*** DATA SUPPLIED ***

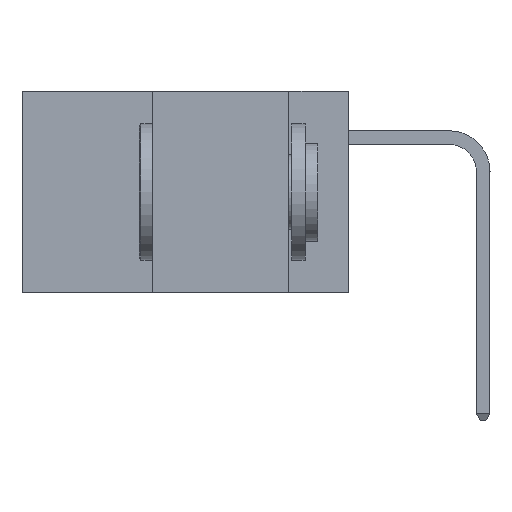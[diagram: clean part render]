
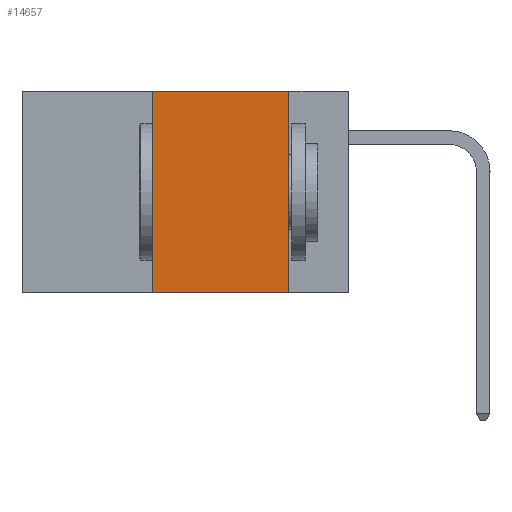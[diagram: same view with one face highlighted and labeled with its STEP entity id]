
A CAD part, left-side view. The second image highlights one B-rep face of the part: STEP entity #14657.
In plain terms, the highlighted planar face has unit normal (-1, 0, 0).
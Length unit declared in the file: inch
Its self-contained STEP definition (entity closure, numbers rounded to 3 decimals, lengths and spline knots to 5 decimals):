
#164 = DIRECTION ( 'NONE',  ( 0., -1., 0. ) ) ;
#1363 = EDGE_CURVE ( 'NONE', #5526, #11680, #37471, .T. ) ;
#2559 = ORIENTED_EDGE ( 'NONE', *, *, #18128, .T. ) ;
#5201 = CARTESIAN_POINT ( 'NONE',  ( 0., 0.11, -0.37 ) ) ;
#5526 = VERTEX_POINT ( 'NONE', #28928 ) ;
#6054 = DIRECTION ( 'NONE',  ( 0., -1., 0. ) ) ;
#8236 = CARTESIAN_POINT ( 'NONE',  ( 0., 0.6, 0. ) ) ;
#9174 = CARTESIAN_POINT ( 'NONE',  ( 0., 0.6, 0. ) ) ;
#9202 = VECTOR ( 'NONE', #164, 39.37008 ) ;
#10154 = LINE ( 'NONE', #12363, #34141 ) ;
#11057 = EDGE_CURVE ( 'NONE', #11680, #27010, #10154, .T. ) ;
#11530 = DIRECTION ( 'NONE',  ( 0., 0., -1. ) ) ;
#11680 = VERTEX_POINT ( 'NONE', #21934 ) ;
#12363 = CARTESIAN_POINT ( 'NONE',  ( 0., 0.11, 0. ) ) ;
#12480 = EDGE_CURVE ( 'NONE', #31361, #5526, #39193, .T. ) ;
#13283 = CARTESIAN_POINT ( 'NONE',  ( 0., 0.6, -0.37 ) ) ;
#14279 = CARTESIAN_POINT ( 'NONE',  ( 0., 0.36, -0.37 ) ) ;
#14657 = ADVANCED_FACE ( 'NONE', ( #35916 ), #34225, .F. ) ;
#16983 = ORIENTED_EDGE ( 'NONE', *, *, #1363, .F. ) ;
#18128 = EDGE_CURVE ( 'NONE', #31361, #27010, #26623, .T. ) ;
#19851 = VECTOR ( 'NONE', #26554, 39.37008 ) ;
#19919 = EDGE_LOOP ( 'NONE', ( #36595, #16983, #26548, #2559 ) ) ;
#21934 = CARTESIAN_POINT ( 'NONE',  ( 0., 0.11, 0. ) ) ;
#23289 = CARTESIAN_POINT ( 'NONE',  ( 0., 0.36, 0. ) ) ;
#24869 = AXIS2_PLACEMENT_3D ( 'NONE', #8236, #31060, #11530 ) ;
#26548 = ORIENTED_EDGE ( 'NONE', *, *, #12480, .F. ) ;
#26554 = DIRECTION ( 'NONE',  ( 0., 0., 1. ) ) ;
#26623 = LINE ( 'NONE', #13283, #9202 ) ;
#27010 = VERTEX_POINT ( 'NONE', #5201 ) ;
#28815 = VECTOR ( 'NONE', #6054, 39.37008 ) ;
#28928 = CARTESIAN_POINT ( 'NONE',  ( 0., 0.36, 0. ) ) ;
#31060 = DIRECTION ( 'NONE',  ( 1., 0., 0. ) ) ;
#31361 = VERTEX_POINT ( 'NONE', #14279 ) ;
#34141 = VECTOR ( 'NONE', #38446, 39.37008 ) ;
#34225 = PLANE ( 'NONE',  #24869 ) ;
#35916 = FACE_OUTER_BOUND ( 'NONE', #19919, .T. ) ;
#36595 = ORIENTED_EDGE ( 'NONE', *, *, #11057, .F. ) ;
#37471 = LINE ( 'NONE', #9174, #28815 ) ;
#38446 = DIRECTION ( 'NONE',  ( 0., 0., -1. ) ) ;
#39193 = LINE ( 'NONE', #23289, #19851 ) ;

*** End of DATA SUPPLIED ***

BRIEF: What must be returned is the line with "#34225 = PLANE" plus every line after it to the end of the entries, exactly as they appear.

WRITTEN ANSWER:
#34225 = PLANE ( 'NONE',  #24869 ) ;
#35916 = FACE_OUTER_BOUND ( 'NONE', #19919, .T. ) ;
#36595 = ORIENTED_EDGE ( 'NONE', *, *, #11057, .F. ) ;
#37471 = LINE ( 'NONE', #9174, #28815 ) ;
#38446 = DIRECTION ( 'NONE',  ( 0., 0., -1. ) ) ;
#39193 = LINE ( 'NONE', #23289, #19851 ) ;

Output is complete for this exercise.